Neither study was peer-reviewed nor did it examine the releases of Gemini 1.5 Pro and 1.5 Flash with 2 million token contexts. (Both were tested with 1 million token context releases.) And that doesn't mean Flash is as good as Pro in terms of performance. Google advertises this as a cheaper alternative.
However, both have been fueled by the fact that Google overpromised Gemini from the beginning and underperformed. None of the models tested by researchers, including OpenAI’s GPT-4o and Anthropic’s Claude 3.5 Sonnet, performed well. However, Google is the only model provider that has prioritized context windows in advertising.
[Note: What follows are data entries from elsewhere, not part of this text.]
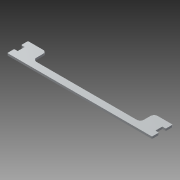
# Autodesk Inventor part: Bulkhead Brace 25100613
Saved by Autodesk Inventor 2013 (Build 170138000, 138)
## iProperties
Created: 2012-05-10
Part Number: Bulkhead Brace 25100613
Material: Generic
Document SubType Name: Modeling
Designer: user
Density: 1 g/cm^3
Author: user
Autodesk Inventor part; units mm, degrees
ref_plane "YZ Plane" through (0, 0, 0) normal (1, 0, 0) x (0, 1, 0)
ref_plane "XZ Plane" through (0, 0, 0) normal (0, 1, 0) x (-1, 0, 0)
ref_plane "XY Plane" through (0, 0, 0) normal (0, 0, 1) x (1, 0, 0)
sketch "Sketch1" plane through (0, 0, 0) normal (0, 0, 1) x (1, 0, 0)
  line L0 (1, 0) -> (209, 0)
  line L1 (178, 10) -> (32, 10)
  arc A0 (209, 0) -> (210, 1) centre (209, 1) ccw
  arc A1 (0, 1) -> (1, 0) centre (1, 1) ccw
  line L2 (27, 15) -> (27, 25)
  line L3 (22, 30) -> (1, 30)
  line L4 (1, 10) -> (5, 10)
  line L5 (5, 10) -> (5, 20)
  line L6 (5, 20) -> (1, 20)
  line L7 (0, 29) -> (0, 21)
  line L8 (0, 9) -> (0, 1)
  arc A2 (1, 30) -> (0, 29) centre (1, 29) ccw
  arc A3 (0, 21) -> (1, 20) centre (1, 21) ccw
  arc A4 (1, 10) -> (0, 9) centre (1, 9) ccw
  line L9 (183, 15) -> (183, 25)
  line L10 (188, 30) -> (209, 30)
  line L11 (209, 20) -> (205, 20)
  line L12 (205, 20) -> (205, 10)
  line L13 (205, 10) -> (209, 10)
  line L14 (210, 1) -> (210, 9)
  line L15 (210, 21) -> (210, 29)
  arc A5 (210, 29) -> (209, 30) centre (209, 29) ccw
  arc A6 (209, 20) -> (210, 21) centre (209, 21) ccw
  arc A7 (210, 9) -> (209, 10) centre (209, 9) ccw
  arc A8 (27, 25) -> (22, 30) centre (22, 25) ccw
  arc A9 (27, 15) -> (32, 10) centre (32, 15) ccw
  arc A10 (178, 10) -> (183, 15) centre (178, 15) ccw
  arc A11 (188, 30) -> (183, 25) centre (188, 25) ccw
  point P0 (0, 0)
  point P1 (183, 10)
  point P2 (27, 10)
  point P3 (27, 30)
  point P4 (0, 30)
  point P5 (210, 30)
  point P6 (183, 30)
  point P7 (210, 20)
  point P8 (210, 10)
  dimension "d0" = 10
  dimension "d2" = 1
  dimension "d8" = 27
  dimension "d9" = 10
  dimension "d11" = 5
  dimension "d12" = 1
  dimension "d13" = 27
  dimension "d14" = 5
  dimension "d15" = 10
  dimension "d16" = 10
  dimension "d17" = 30
  dimension "d18" = 1
  dimension "d19" = 30
  dimension "d20" = 210
  dimension "d21" = 5
  constraints: 32 end point, 26 tangent, 24 point on circle, 17 point on line, 12 centre point, 10 parallel, 10 perpendicular, 7 equal radius, 1 horizontal
  measures "d0" distance between parallel lines of L0 L1
  measures "d2" radius of A0
  measures "d8" distance of point (27, 30) point (0, 30)
  measures "d9" distance between parallel lines of L6 L3
  measures "d11" distance between parallel lines of L5 L7
  measures "d12" radius of A2
  measures "d13" distance of point (183, 30) point (210, 30)
  measures "d14" distance of point (210, 20) L11.end
  measures "d15" distance of point (210, 20) point (210, 30)
  measures "d16" distance between parallel lines of L0 L13
  measures "d17" distance between parallel lines of L0 L10
  measures "d18" radius of A5
  measures "d19" distance between parallel lines of L0 L3
  measures "d20" distance between parallel lines of L14 L8
  measures "d21" radius of A8
extrude "Extrusion1" add sketch "Sketch1" along normal blind 3
body "Solid1"
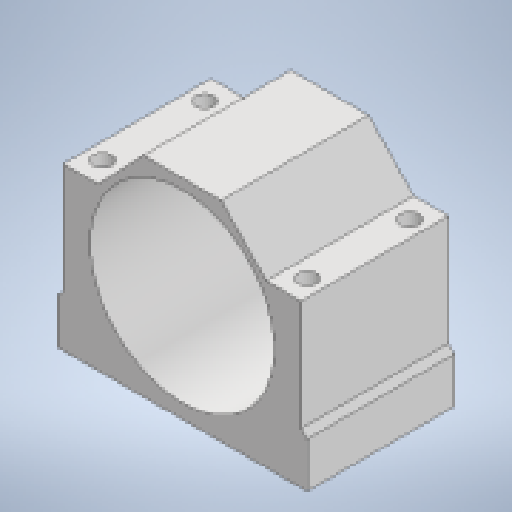
# Autodesk Inventor part: Spindle_Holder
Saved by Autodesk Inventor 2023 (Build 270158000, 158)
## iProperties
Created: 2022-05-06
Part Number: Spindle_Holder
Material: Generic
Document SubType Name: Modeling
Designer: plebbb
Density: 1 g/cm^3
Appearance: Default
Author: plebbb
Autodesk Inventor part; units mm, degrees
ref_plane "YZ Plane" through (0, 0, 0) normal (1, 0, 0) x (0, 1, 0)
ref_plane "XZ Plane" through (0, 0, 0) normal (0, 1, 0) x (-1, 0, 0)
ref_plane "XY Plane" through (0, 0, 0) normal (0, 0, 1) x (1, 0, 0)
sketch "Sketch1" plane through (0, 0, 0) normal (0, 0, 1) x (1, 0, 0)
  line L0 (0, 0) -> (122, 0)
  circle A0 centre (61, 52) radius 45
  line L1 (3, 78.943) -> (20, 78.943)
  line L2 (20, 78.943) -> (42, 102)
  line L3 (42, 102) -> (80, 102)
  line L4 (80, 102) -> (102, 78.943)
  line L5 (102, 78.943) -> (119, 78.943)
  line L6 (3, 25.057) -> (0, 22.057)
  line L7 (0, 22.057) -> (0, 0)
  line L8 (122, 0) -> (122, 22.057)
  line L9 (122, 22.057) -> (119, 25.057)
  line L10 (119, 25.057) -> (119, 78.943)
  line L11 (16, 52) -> (3, 52)
  line L12 (3, 52) -> (3, 25.057)
  line L13 (3, 52) -> (3, 78.943)
  point P0 (61, 0)
  point P1 (61, 102)
  dimension "d3" = 90
  dimension "d0" = 79
  dimension "d1" = 122
  dimension "d2" = 52
  dimension "d4" = 17
  dimension "d5" = 38
  dimension "d6" = 102
  dimension "d7" = 116
  dimension "d8" = 135
  constraints: 28 end point, 4 equal length, 4 horizontal, 4 vertical, 2 horizontal alignment, 2 midpoint, 2 vertical alignment, 1 collinear, 1 parallel, 1 perpendicular, 1 point on line, 2 other
  measures "d0" distance of L0.end L5.end
  measures "d1" distance of L0.start L0.end
  measures "d2" distance of point (61, 0) point (61, 52)
  measures "d4" distance of L4.end L5.end
  measures "d5" distance of L2.end L3.end
  measures "d6" distance from line of L0.end L3
  measures "d7" distance of L5.end L1.start
  measures "d8" angle of L7 L6
extrude "Extrusion1" add sketch "Sketch1" along normal blind 72
sketch "Sketch2" plane through (0, 0, 0) normal (0, -1, 0) x (1, 0, 0)
  line L0 (11, 11) -> (111, 11) construction
  line L1 (111, 11) -> (111, 61) construction
  line L2 (111, 61) -> (11, 61) construction
  line L3 (11, 61) -> (11, 11) construction
  circle A0 centre (11, 11) radius 4.5
  circle A1 centre (111, 11) radius 4.5
  circle A2 centre (111, 61) radius 4.5
  circle A3 centre (11, 61) radius 4.5
  line L4 (0, 72) -> (122, 72) construction
  line L5 (0, 0) -> (0, 72) construction
  point P0 (61, 61)
  point P1 (61, 72)
  point P2 (11, 36)
  point P3 (0, 36)
  dimension "d11" = 100
  dimension "d12" = 50
  dimension "d13" = 9
  constraints: 8 end point, 4 centre point, 4 coincident, 4 midpoint, 3 equal radius, 2 parallel, 1 horizontal, 1 horizontal alignment, 1 perpendicular, 1 vertical alignment
  measures "d11" distance of L1.end L2.end
  measures "d12" distance of L0.end L1.end
  measures "d13" diameter of A3
extrude "Extrusion2" cut sketch "Sketch2" against normal up to surface (78.943 mm away)
body "Solid1"
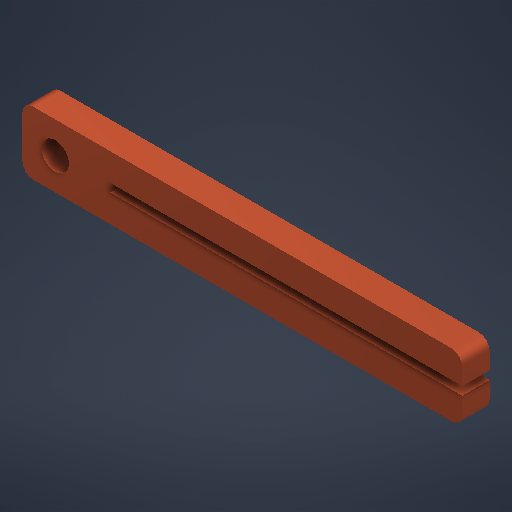
# Autodesk Inventor part: Bush_phase_mono
Saved by Autodesk Inventor 2026.2 (Build 302298000, 298)
## iProperties
Created: 2026-01-22
Part Number: Bush_phase_mono
Material: Медь
Document SubType Name: Modeling
Designer: EV-TECH
Density: 8.94 g/cm^3
Appearance: Медь — сатинированная
Author: EV-TECH
Autodesk Inventor part; units mm, degrees
ref_plane "YZ Plane" through (0, 0, 0) normal (1, 0, 0) x (0, 1, 0)
ref_plane "XZ Plane" through (0, 0, 0) normal (0, 1, 0) x (-1, 0, 0)
ref_plane "XY Plane" through (0, 0, 0) normal (0, 0, 1) x (1, 0, 0)
sketch "Эскиз1" plane through (0, 0, 0) normal (0, 1, 0) x (-1, 0, 0)
  point P0 (0, 0)
sketch "Эскиз2" plane through (0, 0, 0) normal (0, 0, 1) x (1, 0, 0)
  line L0 (0, 0) -> (80, 0)
  line L1 (80, 0) -> (80, 5)
  line L2 (80, 5) -> (0, 5)
  line L3 (0, 5) -> (0, 0)
  line L4 (0, 5) -> (16, 5)
  line L5 (16, 5) -> (16, 6.5)
  line L6 (16, 6.5) -> (0, 6.5)
  line L7 (0, 6.5) -> (0, 5)
  line L8 (0, 6.5) -> (80, 6.5)
  line L9 (80, 6.5) -> (80, 11.5)
  line L10 (80, 11.5) -> (0, 11.5)
  line L11 (0, 11.5) -> (0, 6.5)
  dimension "d0" = 5
  dimension "d1" = 80
  dimension "d2" = 16
  dimension "d3" = 1.5
  dimension "d4" = 80
  dimension "d5" = 5
  constraints: 24 end point, 6 parallel, 3 horizontal, 3 perpendicular
  measures "d0" distance of L0.end L1.end
  measures "d1" distance of L1.end L2.end
  measures "d2" distance of L5.end L6.end
  measures "d3" distance of L4.end L5.end
  measures "d4" distance of L9.end L10.end
  measures "d5" distance of L8.end L9.end
extrude "Выдавливание1" add sketch "Эскиз2" along normal blind 5
fillet "Сопряжение1" radius 2 4 edges at (0, 0, 2.5) (0, 11.5, 2.5) (80, 0, 2.5) (80, 11.5, 2.5)
sketch "Эскиз3" plane through (0, 0, 0) normal (0, 0, -1) x (-1, 0, 0)
  circle A0 centre (-6, 5.75) radius 2.5
  line L0 (-16, 5) -> (-16, 6.5) projected
  line L1 (-16, 5.75) -> (-16, 5)
  point P0 (0, 0)
  dimension "d9" = 5
  constraints: 2 end point, 1 centre point
  measures "d9" diameter of A0
extrude "Выдавливание2" cut sketch "Эскиз3" against normal blind 13.75
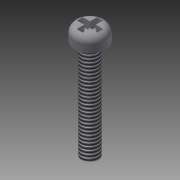
# Autodesk Inventor part: M2 Screw
Saved by Autodesk Inventor 2013 (Build 170138000, 138)
## iProperties
Created: 2012-10-31
Part Number: M2 Screw
Material: Generic
Document SubType Name: Modeling
Designer: uqgtayle
Density: 1 g/cm^3
Author: uqgtayle
Autodesk Inventor part; units mm, degrees
ref_plane "YZ Plane" through (0, 0, 0) normal (1, 0, 0) x (0, 1, 0)
ref_plane "XZ Plane" through (0, 0, 0) normal (0, 1, 0) x (-1, 0, 0)
ref_plane "XY Plane" through (0, 0, 0) normal (0, 0, 1) x (1, 0, 0)
sketch "Sketch1" plane through (0, 0, 0) normal (0, 0, 1) x (1, 0, 0)
  circle A0 centre (0, 0) radius 1
  dimension "d0" = 2
  constraints: 1 centre point, 1 coincident
  measures "d0" diameter of A0
extrude "Extrusion1" add sketch "Sketch1" along normal blind 12
thread "Thread1" size "M2x0.4" class "6g" standard "ANSI Metric M Profile" full length
sketch "Sketch2" plane through (0, 0, 12) normal (0, 0, 1) x (1, 0, 0)
  circle A0 centre (0, 0) radius 1 projected
  circle A1 centre (0, 0) radius 1.85
  dimension "d6" = 3.7
  constraints: 1 centre point, 1 coincident
  measures "d6" diameter of A1
extrude "Extrusion2" add sketch "Sketch2" along normal blind 1.7 contours A0 | A1
fillet "Fillet1" radius 0.8 1 edges at (-1.85, 0, 13.7)
sketch "Sketch3" plane through (0, 0, 13.7) normal (0, 0, 1) x (1, 0, 0)
  circle A0 centre (0, 0) radius 1.05 projected
  line L0 (-0.35, 1.25) -> (0.35, 1.25)
  line L1 (0.35, 1.25) -> (0.35, -1.25)
  line L2 (0.35, -1.25) -> (-0.35, -1.25)
  line L3 (-0.35, -1.25) -> (-0.35, 1.25)
  line L4 (-1.25, 0.35) -> (1.25, 0.35)
  line L5 (1.25, 0.35) -> (1.25, -0.35)
  line L6 (1.25, -0.35) -> (-1.25, -0.35)
  line L7 (-1.25, -0.35) -> (-1.25, 0.35)
  point P0 (0, 1.25)
  point P1 (0.35, 0)
  point P2 (-1.25, 0)
  point P3 (0, 0.35)
  dimension "d11" = 0.7
  dimension "d15" = 2.5
  dimension "d16" = 0.7
  dimension "d17" = 2.5
  constraints: 16 end point, 4 midpoint, 4 parallel, 2 horizontal, 2 horizontal alignment, 2 perpendicular, 2 vertical alignment
  measures "d11" distance of L1.end L2.end
  measures "d15" distance between parallel lines of L2 L0
  measures "d16" distance of L4.end L5.end
  measures "d17" distance of L4.start L4.end
extrude "Extrusion3" cut sketch "Sketch3" against normal blind 1 contours A0 L6 L1 L4 | A0 L4 L5 L6 | L1 L4 L3 A0 | A0 L3 L0 L1 | L1 L6 L3 L4 | L1 L2 L3 A0 | A0 L3 L6 L1 | L3 L6 A0 L4 | A0 L6 L7 L4
equation "\"d16\" = d11"
equation "\"d17\" = d15"
body "Solid1"
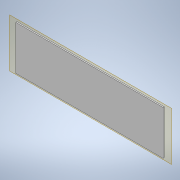
# Autodesk Inventor part: ferrite_layer_dex_laser_cut
Saved by Autodesk Inventor 2020 (Build 240168000, 168)
## iProperties
Created: 2021-01-27
Part Number: ferrite_layer_dex_laser_cut
Material: Generic
Document SubType Name: Modeling
Designer: pduy110
Density: 1 g/cm^3
Appearance: Default
Author: pduy110
Autodesk Inventor part; units mm, degrees
ref_plane "YZ Plane" through (0, 0, 0) normal (1, 0, 0) x (0, 1, 0)
ref_plane "XZ Plane" through (0, 0, 0) normal (0, 1, 0) x (-1, 0, 0)
sketch "ferrite_layer_outline_sketch" plane through (0, 0, 0) normal (0, 0, 1) x (1, 0, 0)
  line L0 (0, 150) -> (1000, 150)
  line L1 (1000, 150) -> (1000, -150)
  line L2 (1000, -150) -> (0, -150)
  line L3 (0, -150) -> (0, 150)
  line L4 (-200, 0) -> (1200, 0) projected
  line L5 (500, 150) -> (500, -150) construction
  line L6 (500, 366.8869) -> (500, -324.3455) construction
  line L7 (20, 109) -> (35, 109)
  line L8 (35, 109) -> (35, -109)
  line L9 (35, -109) -> (20, -109)
  line L10 (20, -109) -> (20, 109)
  line L11 (177.5, -109) -> (177.5, 109)
  line L12 (177.5, 109) -> (192.5, 109)
  line L13 (192.5, 109) -> (192.5, -109)
  line L14 (192.5, -109) -> (177.5, -109)
  line L15 (335, -109) -> (335, 109)
  line L16 (335, 109) -> (350, 109)
  line L17 (350, 109) -> (350, -109)
  line L18 (350, -109) -> (335, -109)
  line L19 (492.5, -109) -> (492.5, 109)
  line L20 (492.5, 109) -> (507.5, 109)
  line L21 (507.5, 109) -> (507.5, -109)
  line L22 (507.5, -109) -> (492.5, -109)
  line L23 (650, -109) -> (650, 109)
  line L24 (650, 109) -> (665, 109)
  line L25 (665, 109) -> (665, -109)
  line L26 (665, -109) -> (650, -109)
  line L27 (807.5, -109) -> (807.5, 109)
  line L28 (807.5, 109) -> (822.5, 109)
  line L29 (822.5, 109) -> (822.5, -109)
  line L30 (822.5, -109) -> (807.5, -109)
  line L31 (965, -109) -> (965, 109)
  line L32 (965, 109) -> (980, 109)
  line L33 (980, 109) -> (980, -109)
  line L34 (980, -109) -> (965, -109)
  line L35 (155, 109) -> (170, 109)
  line L36 (155, -109) -> (155, 109)
  line L37 (170, 109) -> (170, -109)
  line L38 (170, -109) -> (155, -109)
  line L39 (290, 109) -> (305, 109)
  line L40 (290, -109) -> (290, 109)
  line L41 (305, 109) -> (305, -109)
  line L42 (305, -109) -> (290, -109)
  line L43 (425, 109) -> (440, 109)
  line L44 (425, -109) -> (425, 109)
  line L45 (440, 109) -> (440, -109)
  line L46 (440, -109) -> (425, -109)
  line L47 (560, 109) -> (575, 109)
  line L48 (560, -109) -> (560, 109)
  line L49 (575, 109) -> (575, -109)
  line L50 (575, -109) -> (560, -109)
  line L51 (695, 109) -> (710, 109)
  line L52 (695, -109) -> (695, 109)
  line L53 (710, 109) -> (710, -109)
  line L54 (710, -109) -> (695, -109)
  line L55 (830, 109) -> (845, 109)
  line L56 (830, -109) -> (830, 109)
  line L57 (845, 109) -> (845, -109)
  line L58 (845, -109) -> (830, -109)
  line L59 (965, 109) -> (980, 109)
  line L60 (965, -109) -> (965, 109)
  line L61 (980, 109) -> (980, -109)
  line L62 (980, -109) -> (965, -109)
  line L63 (125, -109) -> (125, 109)
  line L64 (125, 109) -> (140, 109)
  line L65 (140, 109) -> (140, -109)
  line L66 (230, -109) -> (230, 109)
  line L67 (230, 109) -> (245, 109)
  line L68 (245, 109) -> (245, -109)
  line L69 (335, -109) -> (335, 109)
  line L70 (335, 109) -> (350, 109)
  line L71 (350, 109) -> (350, -109)
  line L72 (440, -109) -> (440, 109)
  line L73 (440, 109) -> (455, 109)
  line L74 (455, 109) -> (455, -109)
  line L75 (545, -109) -> (545, 109)
  line L76 (545, 109) -> (560, 109)
  line L77 (560, 109) -> (560, -109)
  line L78 (650, -109) -> (650, 109)
  line L79 (650, 109) -> (665, 109)
  line L80 (665, 109) -> (665, -109)
  line L81 (755, -109) -> (755, 109)
  line L82 (755, 109) -> (770, 109)
  line L83 (770, 109) -> (770, -109)
  line L84 (860, -109) -> (860, 109)
  line L85 (860, 109) -> (875, 109)
  line L86 (875, 109) -> (875, -109)
  line L87 (965, -109) -> (965, 109)
  line L88 (965, 109) -> (980, 109)
  line L89 (980, 109) -> (980, -109)
  line L90 (114.5, -109) -> (114.5, 109)
  line L91 (114.5, 109) -> (129.5, 109)
  line L92 (129.5, 109) -> (129.5, -109)
  line L93 (129.5, -109) -> (114.5, -109)
  line L94 (209, -109) -> (209, 109)
  line L95 (209, 109) -> (224, 109)
  line L96 (224, 109) -> (224, -109)
  line L97 (224, -109) -> (209, -109)
  line L98 (303.5, -109) -> (303.5, 109)
  line L99 (303.5, 109) -> (318.5, 109)
  line L100 (318.5, 109) -> (318.5, -109)
  line L101 (318.5, -109) -> (303.5, -109)
  line L102 (398, -109) -> (398, 109)
  line L103 (398, 109) -> (413, 109)
  line L104 (413, 109) -> (413, -109)
  line L105 (413, -109) -> (398, -109)
  line L106 (492.5, -109) -> (492.5, 109)
  line L107 (492.5, 109) -> (507.5, 109)
  line L108 (507.5, 109) -> (507.5, -109)
  line L109 (507.5, -109) -> (492.5, -109)
  line L110 (587, -109) -> (587, 109)
  line L111 (587, 109) -> (602, 109)
  line L112 (602, 109) -> (602, -109)
  line L113 (602, -109) -> (587, -109)
  line L114 (681.5, -109) -> (681.5, 109)
  line L115 (681.5, 109) -> (696.5, 109)
  line L116 (696.5, 109) -> (696.5, -109)
  line L117 (696.5, -109) -> (681.5, -109)
  line L118 (776, -109) -> (776, 109)
  line L119 (776, 109) -> (791, 109)
  line L120 (791, 109) -> (791, -109)
  line L121 (791, -109) -> (776, -109)
  line L122 (870.5, -109) -> (870.5, 109)
  line L123 (870.5, 109) -> (885.5, 109)
  line L124 (885.5, 109) -> (885.5, -109)
  line L125 (885.5, -109) -> (870.5, -109)
  line L126 (965, -109) -> (965, 109)
  line L127 (965, 109) -> (980, 109)
  line L128 (980, 109) -> (980, -109)
  line L129 (980, -109) -> (965, -109)
  point P0 (0, 0)
  point P1 (0, 0)
  point P2 (0, 0)
  point P3 (0, 0)
  point P4 (20, 0)
  point P5 (177.5, 0)
  point P6 (335, 0)
  point P7 (492.5, 0)
  point P8 (650, 0)
  point P9 (807.5, 0)
  point P10 (965, 0)
  point P11 (155, 0)
  point P12 (290, 0)
  point P13 (425, 0)
  point P14 (560, 0)
  point P15 (695, 0)
  point P16 (830, 0)
  point P17 (965, 0)
  point P18 (125, 0)
  point P19 (230, 0)
  point P20 (335, 0)
  point P21 (440, 0)
  point P22 (545, 0)
  point P23 (650, 0)
  point P24 (755, 0)
  point P25 (860, 0)
  point P26 (965, 0)
  point P27 (114.5, 0)
  point P28 (209, 0)
  point P29 (303.5, 0)
  point P30 (398, 0)
  point P31 (492.5, 0)
  point P32 (587, 0)
  point P33 (681.5, 0)
  point P34 (776, 0)
  point P35 (870.5, 0)
  point P36 (965, 0)
  dimension "d0" = 1000
  dimension "d1" = 300
  dimension "d63" = 20
  dimension "d64" = 218
  dimension "d65" = 15
  dimension "d68" = 157.5
  dimension "d75" = 135
  dimension "d82" = 105
  dimension "d89" = 94.5
  constraints: 258 end point, 6 horizontal, 4 collinear, 4 midpoint, 4 parallel, 3 coincident, 3 point on line, 2 perpendicular, 275 other
  measures "d0" distance between parallel lines of L1 L3
  measures "d1" distance between parallel lines of L2 L0
  measures "d63" distance between parallel lines of L10 L3
  measures "d64" distance between parallel lines of L9 L7
  measures "d65" distance between parallel lines of L10 L8
  measures "d68" distance of L9.end L11.start
  measures "d75" distance of L7.start L35.start
  measures "d82" distance of L9.end L63.start
  measures "d89" distance of L7.end L91.end
extrude "Extrusion8" add sketch "ferrite_layer_outline_sketch" along normal blind 8
ref_plane "acrylic_sheet_plane" through (0, 0, 8) normal (0, 0, 1) x (1, 0, 0)
sketch "Sketch4" plane through (0, 0, 8) normal (0, 0, 1) x (1, 0, 0)
  line L0 (20, 109) -> (35, 109)
  line L1 (35, 109) -> (35, -109)
  line L2 (35, -109) -> (20, -109)
  line L3 (20, -109) -> (20, 109)
  line L4 (-12.6534, 0) -> (47.471, 0)
  line L5 (0, 150) -> (0, -150) projected
  line L6 (1000, 150) -> (0, 150) projected
  line L7 (0, -150) -> (1000, -150) projected
  point P0 (0, 0)
  point P1 (20, 0)
  point P2 (0, 0)
  point P3 (500, 150)
  point P4 (500, -150)
  dimension "d43" = 15
  dimension "d44" = 218
  dimension "d45" = 20
  constraints: 10 end point, 4 midpoint, 2 horizontal, 2 parallel, 2 point on line, 1 perpendicular
  measures "d43" distance between parallel lines of L1 L3
  measures "d44" distance between parallel lines of L2 L0
  measures "d45" distance between parallel lines of L5 L3
extrude "Extrusion9" [suppressed]
pattern_linear "Rectangular Pattern1" [suppressed]
pattern_linear "Rectangular Pattern2" [suppressed]
pattern_linear "Rectangular Pattern3" [suppressed]
pattern_linear "pattern_test_#_of_ferrites" [suppressed]
equation "\"d0\" = track_length"
equation "\"d1\" = track_width"
equation "\"d63\" = gap_distance"
equation "\"d64\" = ferrite_length"
equation "\"d65\" = ferrite_width"
equation "\"d43\" = ferrite_width"
equation "\"d44\" = ferrite_length"
equation "\"d45\" = gap_distance"
equation "\"d50\" = parameter_5"
equation "\"d62\" = test_parameter_5"
equation "\"track_length\" = 1000"
equation "\"track_width\" = 300"
equation "\"gap_distance\" = 20"
equation "\"ferrite_length\" = 218"
equation "\"ferrite_width\" = 15"
equation "\"ferrite_height\" = 8"
equation "\"acrylic_sheet_8mm\" = 8"
equation "\"parameter_5\" = 94.5"
equation "\"test_parameter_5\" = 67.5"
body "Solid8"
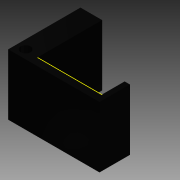
# Autodesk Inventor part: schlitten
Saved by Autodesk Inventor 2013 (Build 170138000, 138)
## iProperties
Created: 2012-10-21
Part Number: schlitten
Material: Acetalharz, schwarz
Document SubType Name: Modeling
Designer: fivef
Density: 1.425 g/cm^3
Mass: 387.859 g
Surface Area: 492.718 cm^2
Volume: 272.181 cm^3
Author: fivef
Autodesk Inventor part; units mm, degrees
ref_plane "YZ Plane" through (0, 0, 0) normal (1, 0, 0) x (0, 1, 0)
ref_plane "XZ Plane" through (0, 0, 0) normal (0, 1, 0) x (-1, 0, 0)
ref_plane "XY Plane" through (0, 0, 0) normal (0, 0, 1) x (1, 0, 0)
sketch "Skizze1" plane through (0, 0, 0) normal (0, 0, 1) x (1, 0, 0)
  line L0 (0, 0) -> (120, 0)
  line L1 (120, 0) -> (120, 40)
  line L2 (120, 40) -> (113, 40)
  line L3 (113, 40) -> (113, 10)
  line L4 (113, 10) -> (28.5, 10)
  line L5 (28.5, 10) -> (28.5, 95)
  line L6 (28.5, 95) -> (0, 95)
  line L7 (0, 95) -> (0, 0)
  circle A0 centre (11.5, 11.5) radius 6.5
  dimension "d0" = 120
  dimension "d2" = 40
  dimension "d3" = 7
  dimension "d4" = 10
  dimension "d5" = 95
  dimension "d7" = 13
  dimension "d10" = 11.5
  dimension "d11" = 11.5
  dimension "d15" = 17
  constraints: 16 end point, 5 parallel, 1 centre point, 1 coincident
  measures "d0" distance of L0.start L0.end
  measures "d2" distance of L0.end L1.end
  measures "d3" distance of L1.end L2.end
  measures "d4" distance between parallel lines of L0 L4
  measures "d5" distance of L6.end point (0, 0)
  measures "d7" diameter of A0
  measures "d10" distance from line of A0.centre L7
  measures "d11" distance from line of A0.centre L0
  measures "d15" distance from line of L5 A0.centre
extrude "Extrusion1" add sketch "Skizze1" along normal mid plane 80
sketch "Skizze2" plane through (28.5, 10, 40) normal (0, 1, 0) x (1, 0, 0)
  line L0 (0, 80) -> (0, 0) projected
  line L1 (84.5, 0) -> (0, 0) projected
  line L2 (84.5, 80) -> (84.5, 0) projected
  line L3 (0, 80) -> (84.5, 80) projected
  point P0 (-28.5, 40)
  point P1 (41.5, 40)
  point P2 (41.5, 40)
  dimension "d16" = 41.5
  constraints: 1 coincident
  measures "d16" distance from line of point (41.5, 40) L0

“There’s nothing wrong with simply saying, ‘Our model can use X number of tokens,’ based on objective technical details,” Saxon said. “But the question is, can you do something useful with it?”
Broadly speaking, there is growing scrutiny of generative AI as businesses (and investors) become frustrated with the technology’s limitations.
In two recent surveys by Boston Consulting Group, about half of respondents (all C-suite executives) said they did not expect generative AI to deliver significant productivity gains and were concerned about the potential for mistakes and data corruption in generative AI-based tools. I answered. PitchBook recently reported that for the second consecutive quarter, generative AI deals have declined in their earliest stages, plummeting 76% from their peak in the third quarter of 2023.
Faced with meeting summary chatbots that retrieve fictitious details about people and AI search platforms that are essentially plagiarism generators, customers are looking for promising differentiators. Google, which has been racing to keep up with its generative AI rivals, sometimes clumsily, has tried desperately to make Gemini's context one of those differentiators.
But the bet seemed premature.
“We haven't settled on a way to actually show that 'inference' or 'understanding' of a long document is actually being made, and basically every group that publishes these models has to cobble together their own ad hoc evaluations to make these claims,” Karpinska said. We are doing it,” Karpinska said. . “Without knowledge of how long context processing will be implemented, and without companies sharing these details, it is difficult to say how realistic these claims are.”
Google did not respond to a request for comment.
Saxon and Karpinska both believe that the antidote to exaggerated claims about generative AI is better benchmarks, and greater emphasis on third-party critiques along the same lines. Saxon points out that one of the more common tests for long-term context (which Google liberally cites in its marketing materials), the “needle in the haystack,” only measures a model’s ability to retrieve specific information, such as names and numbers, from a data set, and not its ability to answer complex questions about that information.
“Every scientist and most engineers who use these models essentially agree that the existing benchmark culture is broken,” Saxon said. “Take it with a grain of salt.”